Segment Start: Records shown

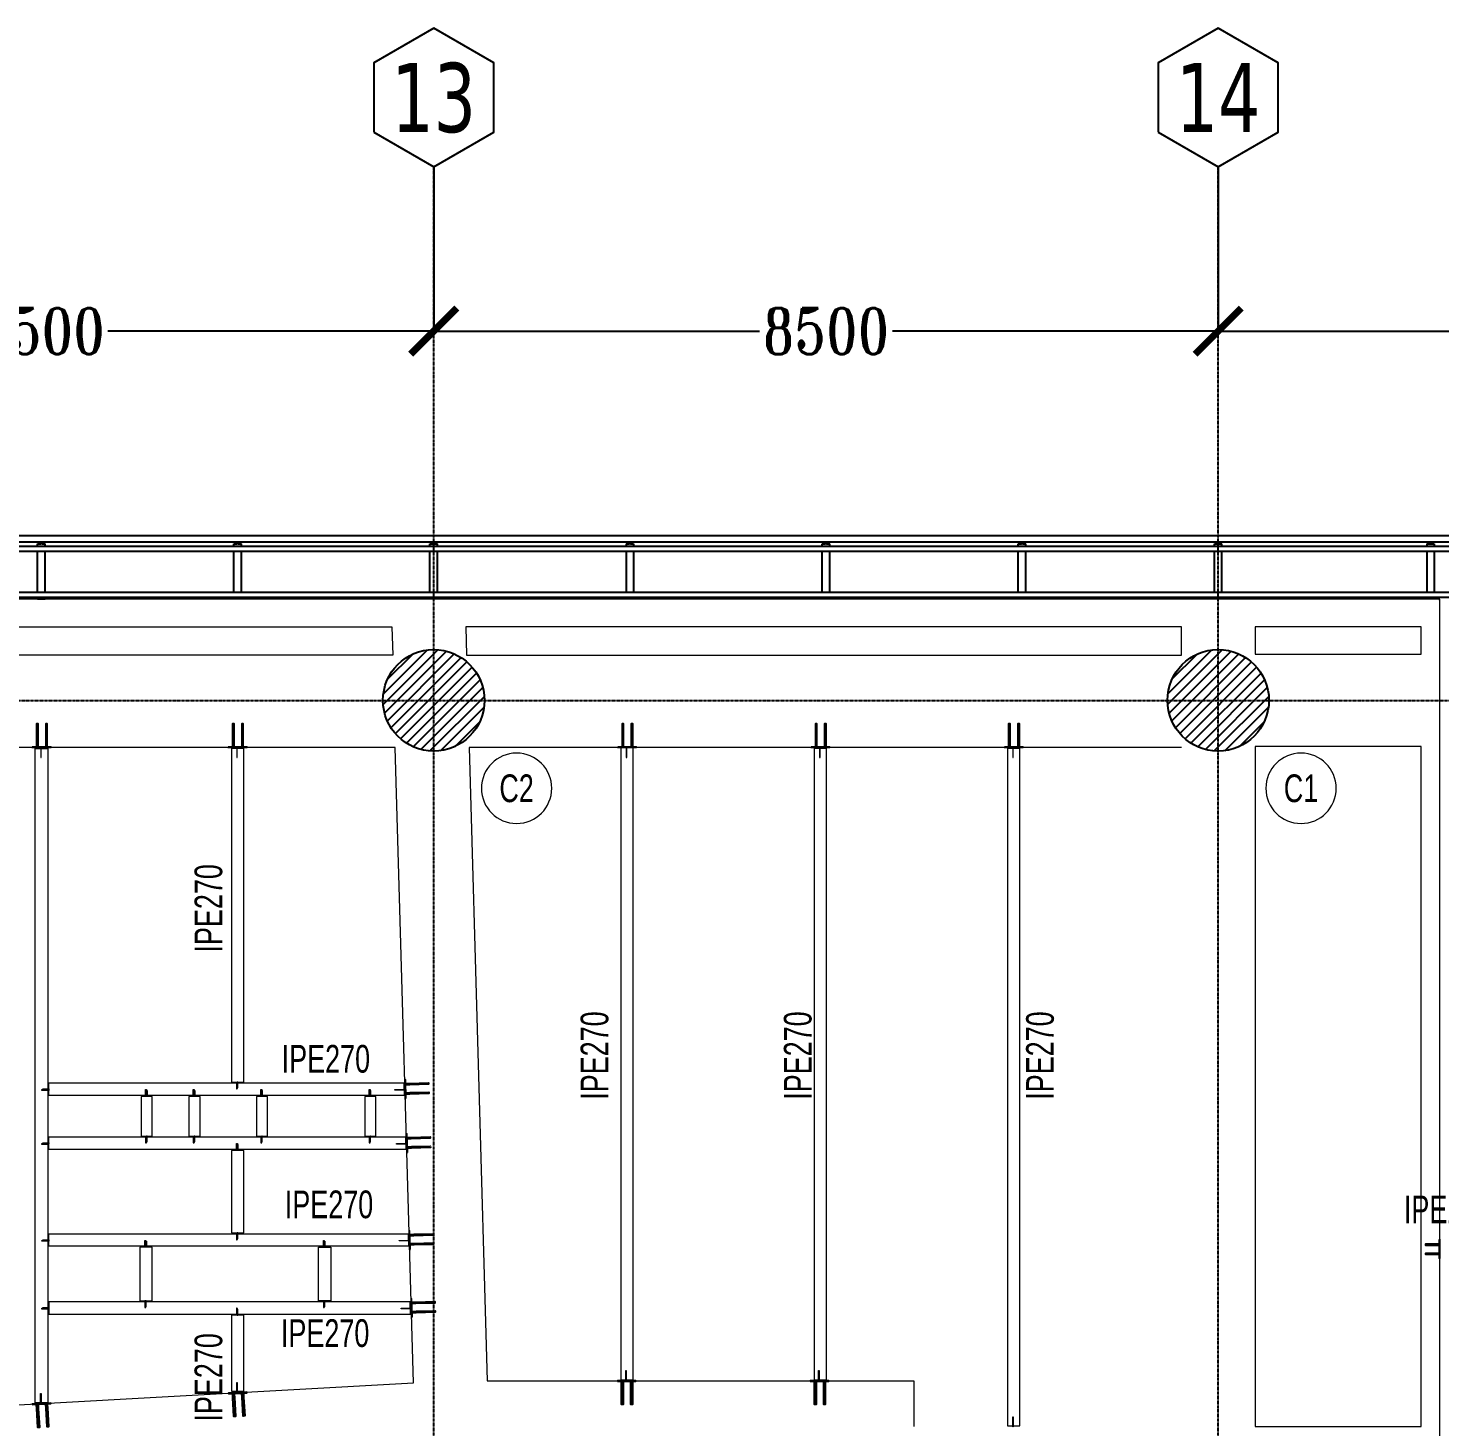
# Model space of a CAD drawing. Header units: millimetres. Extents: x -6598 to 74598, y -11659 to 33736.
# Drawn here: x 46606 to 61901, y 17631 to 32781 of the extents above; entities that cross this region are included whole.
import ezdxf
from ezdxf.enums import TextEntityAlignment as Align

# ---------------------------------------------------------------- set-up
doc = ezdxf.new("R2010")
doc.units = ezdxf.units.MM
doc.header["$LTSCALE"] = 0.95
doc.linetypes.add('DXK_LINE_DOT3', pattern=[5.9187, 2.979, -0.9799, 0.9799, -0.9799])
for name, color, linetype, lineweight in [('0-2', 250, 'Continuous', 5), ('E_COLUMNAS-4', 1, 'Continuous', 25), ('E_TEXTO', 3, 'Continuous', 9), ('E_VIGAS', 7, 'Continuous', 9), ('E_VIGAS-1', 5, 'Continuous', 25), ('E_VIGAS-2', 10, 'Continuous', 25), ('E_VIGAS-3', 5, 'Continuous', 25), ('HCB-VIGAS', 4, 'Continuous', 15)]:
    doc.layers.add(name, color=color, linetype=linetype, lineweight=lineweight)
for name, color, linetype in [('COTAS', 8, 'Continuous'), ('HCB-ACH_PANT', 253, 'Continuous'), ('HCB-EJES', 1, 'Continuous'), ('HCB-PLATINAS', 5, 'Continuous'), ('HCB-ROTULOS', 2, 'Continuous')]:
    doc.layers.add(name, color=color, linetype=linetype)
doc.styles.add('Arial Narrow', font='', dxfattribs={"width": 0.85, "height": 0.3})
doc.styles.add('ROMANT', font='romant.shx', dxfattribs={"width": 0.8})
doc.styles.add('VERDANA', font='verdana.ttf')
doc.styles.get('Arial Narrow').set_extended_font_data('Arial Narrow')
doc.dimstyles.new('1.125', dxfattribs={"dimscale": 0, "dimtxt": 500, "dimasz": 500, "dimexe": 4, "dimexo": 4, "dimgap": 15, "dimtad": 0, "dimdec": 0, "dimzin": 4, "dimdsep": 46, "dimtxsty": 'ROMANT', "dimblk": 'ARCHTICK', "dimcen": -10, "dimclrd": 256, "dimclrt": 3, "dimadec": 0, "dimazin": 0, "dimtfac": 1, "dimtdec": 0, "dimtix": 1, "dimtmove": 0, "dimatfit": 0, "dimldrblk": 'OBLIQUE', "dimfxl": 0.05, "dimtolj": 1, "dimtzin": 0, "dimarcsym": 0})

# ---------------------------------------------------------------- blocks, each defined once
blk = doc.blocks.new('_ArchTick')
at = {"color": 0, "linetype": 'ByBlock', "const_width": 0.15}
blk.add_lwpolyline([(-0.5, -0.5), (0.5, 0.5)], dxfattribs=at)
blk = doc.blocks.new('*D110')
at = {"layer": 'COTAS', "color": 0, "lineweight": -2, "transparency": 16777216}
for p, q in [((42500, 31277), (42500, 29496)), ((51000, 31277), (51000, 29496))]:
    blk.add_line(p, q, dxfattribs=at)
at = {"layer": 'COTAS', "lineweight": -2, "transparency": 16777216}
for p, q in [((42500, 29500), (46030, 29500)), ((51000, 29500), (47470, 29500))]:
    blk.add_line(p, q, dxfattribs=at)
at = {"layer": 'Defpoints', "color": 0, "transparency": 16777216}
for p in [(42500, 31281), (51000, 31281), (42500, 29500)]:
    blk.add_point(p, dxfattribs=at)
at = {"layer": 'COTAS', "lineweight": -2, "transparency": 16777216, "xscale": 500, "yscale": 500, "zscale": 500, "rotation": 180}
blk.add_blockref('_ArchTick', (42500, 29500), dxfattribs=at)
at = {"layer": 'COTAS', "lineweight": -2, "transparency": 16777216, "xscale": 500, "yscale": 500, "zscale": 500}
blk.add_blockref('_ArchTick', (51000, 29500), dxfattribs=at)
at = {"layer": 'COTAS', "color": 3, "transparency": 16777216, "insert": (46750, 29500), "char_height": 500, "attachment_point": 5, "style": 'ROMANT'}
blk.add_mtext('\\A1;8500', dxfattribs=at)
blk = doc.blocks.new('_Oblique')
at = {"color": 0, "linetype": 'ByBlock', "lineweight": -2}
blk.add_line((-0.5, -0.5), (0.5, 0.5), dxfattribs=at)
blk = doc.blocks.new('*D111')
at = {"layer": 'COTAS', "color": 0, "lineweight": -2, "transparency": 16777216}
for p, q in [((51000, 31277), (51000, 29496)), ((59500, 31277), (59500, 29496))]:
    blk.add_line(p, q, dxfattribs=at)
at = {"layer": 'COTAS', "lineweight": -2, "transparency": 16777216}
for p, q in [((51000, 29500), (54530, 29500)), ((59500, 29500), (55970, 29500))]:
    blk.add_line(p, q, dxfattribs=at)
at = {"layer": 'Defpoints', "color": 0, "transparency": 16777216}
for p in [(51000, 31281), (59500, 31281), (51000, 29500)]:
    blk.add_point(p, dxfattribs=at)
at = {"layer": 'COTAS', "lineweight": -2, "transparency": 16777216, "xscale": 500, "yscale": 500, "zscale": 500, "rotation": 180}
blk.add_blockref('_ArchTick', (51000, 29500), dxfattribs=at)
at = {"layer": 'COTAS', "lineweight": -2, "transparency": 16777216, "xscale": 500, "yscale": 500, "zscale": 500}
blk.add_blockref('_ArchTick', (59500, 29500), dxfattribs=at)
at = {"layer": 'COTAS', "color": 3, "transparency": 16777216, "insert": (55250, 29500), "char_height": 500, "attachment_point": 5, "style": 'ROMANT'}
blk.add_mtext('\\A1;8500', dxfattribs=at)
blk = doc.blocks.new('*D112')
at = {"layer": 'COTAS', "color": 0, "lineweight": -2, "transparency": 16777216}
for p, q in [((59500, 31277), (59500, 29496)), ((68000, 31277), (68000, 29496))]:
    blk.add_line(p, q, dxfattribs=at)
at = {"layer": 'COTAS', "lineweight": -2, "transparency": 16777216}
for p, q in [((59500, 29500), (63030, 29500)), ((68000, 29500), (64470, 29500))]:
    blk.add_line(p, q, dxfattribs=at)
at = {"layer": 'Defpoints', "color": 0, "transparency": 16777216}
for p in [(59500, 31281), (68000, 31281), (68000, 29500)]:
    blk.add_point(p, dxfattribs=at)
at = {"layer": 'COTAS', "lineweight": -2, "transparency": 16777216, "xscale": 500, "yscale": 500, "zscale": 500, "rotation": 180}
blk.add_blockref('_ArchTick', (59500, 29500), dxfattribs=at)
at = {"layer": 'COTAS', "lineweight": -2, "transparency": 16777216, "xscale": 500, "yscale": 500, "zscale": 500}
blk.add_blockref('_ArchTick', (68000, 29500), dxfattribs=at)
at = {"layer": 'COTAS', "color": 3, "transparency": 16777216, "insert": (63750, 29500), "char_height": 500, "attachment_point": 5, "style": 'ROMANT'}
blk.add_mtext('\\A1;8500', dxfattribs=at)
blk = doc.blocks.new('EST_SFM_VIGA-METALICA-SECCION-C - EST_SFM_VIGA-METALICA-UPN160-1604346-PLANTA TIPO PISO 18 A PISO 23')
at = {"layer": 'E_VIGAS-1'}
for p, q in [((30.11, 0.018), (-30.277, 0.018)), ((-30.272, -0.047), (30.104, -0.047))]:
    blk.add_line(p, q, dxfattribs=at)
blk = doc.blocks.new('EST_SFM_VIGA-METALICA-SECCION-C - EST_SFM_VIGA-METALICA-UPN100-1526554-PLANTA TIPO PISO 18 A PISO 23')
at = {"layer": 'E_VIGAS-2'}
for p, q in [((34.942, 0.018), (-34.929, 0.018)), ((-34.929, -0.032), (34.942, -0.032))]:
    blk.add_line(p, q, dxfattribs=at)
blk = doc.blocks.new('EST_SFM_VIGA-METALICA-SECCION-C - EST_SFM_VIGA-METALICA-UPN100-1526616-PLANTA TIPO PISO 18 A PISO 23')
at = {"layer": 'E_VIGAS-2'}
for p, q in [((34.044, 0.032), (-34.827, 0.032)), ((-34.827, -0.018), (34.044, -0.018))]:
    blk.add_line(p, q, dxfattribs=at)
blk = doc.blocks.new('DCTIB_CNI_EST_MOD-1A-FAC_0001_rvt-2-PLANTA TIPO PISO 18 A PISO 23')
at = {"layer": 'E_VIGAS-1'}
for p, q in [((-27.454, 167.859), (-27.426, 167.859)), ((-27.454, 167.858), (-27.454, 167.859)), ((-27.372, 167.858), (-27.454, 167.858)), ((-27.454, 167.83), (-27.454, 167.858)), ((-27.415, 167.864), (-27.415, 167.878)), ((-27.415, 167.859), (-27.415, 167.864)), ((-27.41, 167.878), (-27.41, 167.864)), ((-27.41, 167.864), (-27.41, 167.859)), ((-27.399, 167.859), (-27.372, 167.859)), ((-27.372, 167.859), (-27.372, 167.858)), ((-27.372, 167.83), (-27.372, 167.858)), ((-25.328, 167.859), (-25.3, 167.859)), ((-25.328, 167.858), (-25.328, 167.859)), ((-25.246, 167.858), (-25.328, 167.858)), ((-25.328, 167.83), (-25.328, 167.858)), ((-25.29, 167.864), (-25.29, 167.878)), ((-25.29, 167.859), (-25.29, 167.864)), ((-25.285, 167.878), (-25.285, 167.864)), ((-25.285, 167.864), (-25.285, 167.859)), ((-25.274, 167.859), (-25.246, 167.859)), ((-25.246, 167.859), (-25.246, 167.858)), ((-25.246, 167.83), (-25.246, 167.858)), ((-23.203, 167.859), (-23.175, 167.859)), ((-23.203, 167.858), (-23.203, 167.859)), ((-23.121, 167.858), (-23.203, 167.858)), ((-23.203, 167.83), (-23.203, 167.858)), ((-23.164, 167.864), (-23.164, 167.878)), ((-23.164, 167.859), (-23.164, 167.864)), ((-23.159, 167.878), (-23.159, 167.864)), ((-23.159, 167.864), (-23.159, 167.859)), ((-23.149, 167.859), (-23.121, 167.859)), ((-23.121, 167.859), (-23.121, 167.858)), ((-23.121, 167.83), (-23.121, 167.858)), ((-21.078, 167.858), (-21.078, 167.859)), ((-21.078, 167.859), (-21.05, 167.859)), ((-20.996, 167.858), (-21.078, 167.858)), ((-21.078, 167.858), (-21.078, 167.83)), ((-21.04, 167.864), (-21.04, 167.878)), ((-21.04, 167.859), (-21.04, 167.864)), ((-21.035, 167.878), (-21.035, 167.864)), ((-21.035, 167.864), (-21.035, 167.859)), ((-21.024, 167.859), (-20.996, 167.859)), ((-20.996, 167.859), (-20.996, 167.858)), ((-20.996, 167.858), (-20.996, 167.83)), ((-18.953, 167.859), (-18.925, 167.859)), ((-18.953, 167.858), (-18.953, 167.859)), ((-18.871, 167.858), (-18.953, 167.858)), ((-18.953, 167.83), (-18.953, 167.858)), ((-18.915, 167.864), (-18.915, 167.878)), ((-18.915, 167.859), (-18.915, 167.864)), ((-18.91, 167.878), (-18.91, 167.864)), ((-18.91, 167.864), (-18.91, 167.859)), ((-18.899, 167.859), (-18.871, 167.859)), ((-18.871, 167.859), (-18.871, 167.858)), ((-18.871, 167.83), (-18.871, 167.858)), ((-16.828, 167.859), (-16.8, 167.859)), ((-16.828, 167.858), (-16.828, 167.859)), ((-16.746, 167.858), (-16.828, 167.858)), ((-16.828, 167.83), (-16.828, 167.858)), ((-16.79, 167.864), (-16.79, 167.878)), ((-16.79, 167.859), (-16.79, 167.864)), ((-16.785, 167.878), (-16.785, 167.864)), ((-16.785, 167.864), (-16.785, 167.859)), ((-16.774, 167.859), (-16.746, 167.859)), ((-16.746, 167.859), (-16.746, 167.858)), ((-16.746, 167.83), (-16.746, 167.858)), ((-14.703, 167.859), (-14.675, 167.859)), ((-14.703, 167.858), (-14.703, 167.859)), ((-14.703, 167.858), (-14.621, 167.858)), ((-14.621, 167.858), (-14.703, 167.858)), ((-14.703, 167.83), (-14.703, 167.858)), ((-14.665, 167.864), (-14.665, 167.878)), ((-14.665, 167.859), (-14.665, 167.864)), ((-14.66, 167.878), (-14.66, 167.864)), ((-14.66, 167.864), (-14.66, 167.859)), ((-14.649, 167.859), (-14.621, 167.859)), ((-14.621, 167.859), (-14.621, 167.858)), ((-14.621, 167.83), (-14.621, 167.858)), ((-12.403, 167.858), (-12.403, 167.859)), ((-12.403, 167.859), (-12.375, 167.859)), ((-12.403, 167.858), (-12.321, 167.858)), ((-12.321, 167.858), (-12.403, 167.858)), ((-12.403, 167.858), (-12.403, 167.83)), ((-12.364, 167.864), (-12.364, 167.878)), ((-12.364, 167.859), (-12.364, 167.864)), ((-12.359, 167.878), (-12.359, 167.864)), ((-12.359, 167.864), (-12.359, 167.859)), ((-12.349, 167.859), (-12.321, 167.859)), ((-12.321, 167.859), (-12.321, 167.858)), ((-12.321, 167.858), (-12.321, 167.83)), ((-27.454, 167.33), (-27.454, 167.78)), ((-27.372, 167.33), (-27.372, 167.78)), ((-25.328, 167.33), (-25.328, 167.78)), ((-25.246, 167.33), (-25.246, 167.78)), ((-23.203, 167.33), (-23.203, 167.78)), ((-23.121, 167.33), (-23.121, 167.78)), ((-21.078, 167.78), (-21.078, 167.33)), ((-20.996, 167.78), (-20.996, 167.33)), ((-18.953, 167.33), (-18.953, 167.78)), ((-18.871, 167.33), (-18.871, 167.78)), ((-16.828, 167.33), (-16.828, 167.78)), ((-16.746, 167.33), (-16.746, 167.78)), ((-14.703, 167.33), (-14.703, 167.78)), ((-14.621, 167.33), (-14.621, 167.78)), ((-12.403, 167.78), (-12.403, 167.33)), ((-12.321, 167.78), (-12.321, 167.33)), ((-27.454, 167.26), (-27.454, 167.28)), ((-27.372, 167.26), (-27.454, 167.26)), ((-27.372, 167.26), (-27.372, 167.28)), ((-25.328, 167.263), (-25.328, 167.28)), ((-25.246, 167.263), (-25.328, 167.263)), ((-25.246, 167.263), (-25.246, 167.28)), ((-23.203, 167.263), (-23.203, 167.28)), ((-23.121, 167.263), (-23.203, 167.263)), ((-23.121, 167.263), (-23.121, 167.28)), ((-21.078, 167.28), (-21.078, 167.263)), ((-20.996, 167.263), (-21.078, 167.263)), ((-20.996, 167.28), (-20.996, 167.263)), ((-18.953, 167.263), (-18.953, 167.28)), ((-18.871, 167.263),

Segment End: Records shown

Task brief: A line belongs in the answer if it contains the word "TIPO"; copy every such line from the data above.

Expected output:
blk = doc.blocks.new('EST_SFM_VIGA-METALICA-SECCION-C - EST_SFM_VIGA-METALICA-UPN160-1604346-PLANTA TIPO PISO 18 A PISO 23')
blk = doc.blocks.new('EST_SFM_VIGA-METALICA-SECCION-C - EST_SFM_VIGA-METALICA-UPN100-1526554-PLANTA TIPO PISO 18 A PISO 23')
blk = doc.blocks.new('EST_SFM_VIGA-METALICA-SECCION-C - EST_SFM_VIGA-METALICA-UPN100-1526616-PLANTA TIPO PISO 18 A PISO 23')
blk = doc.blocks.new('DCTIB_CNI_EST_MOD-1A-FAC_0001_rvt-2-PLANTA TIPO PISO 18 A PISO 23')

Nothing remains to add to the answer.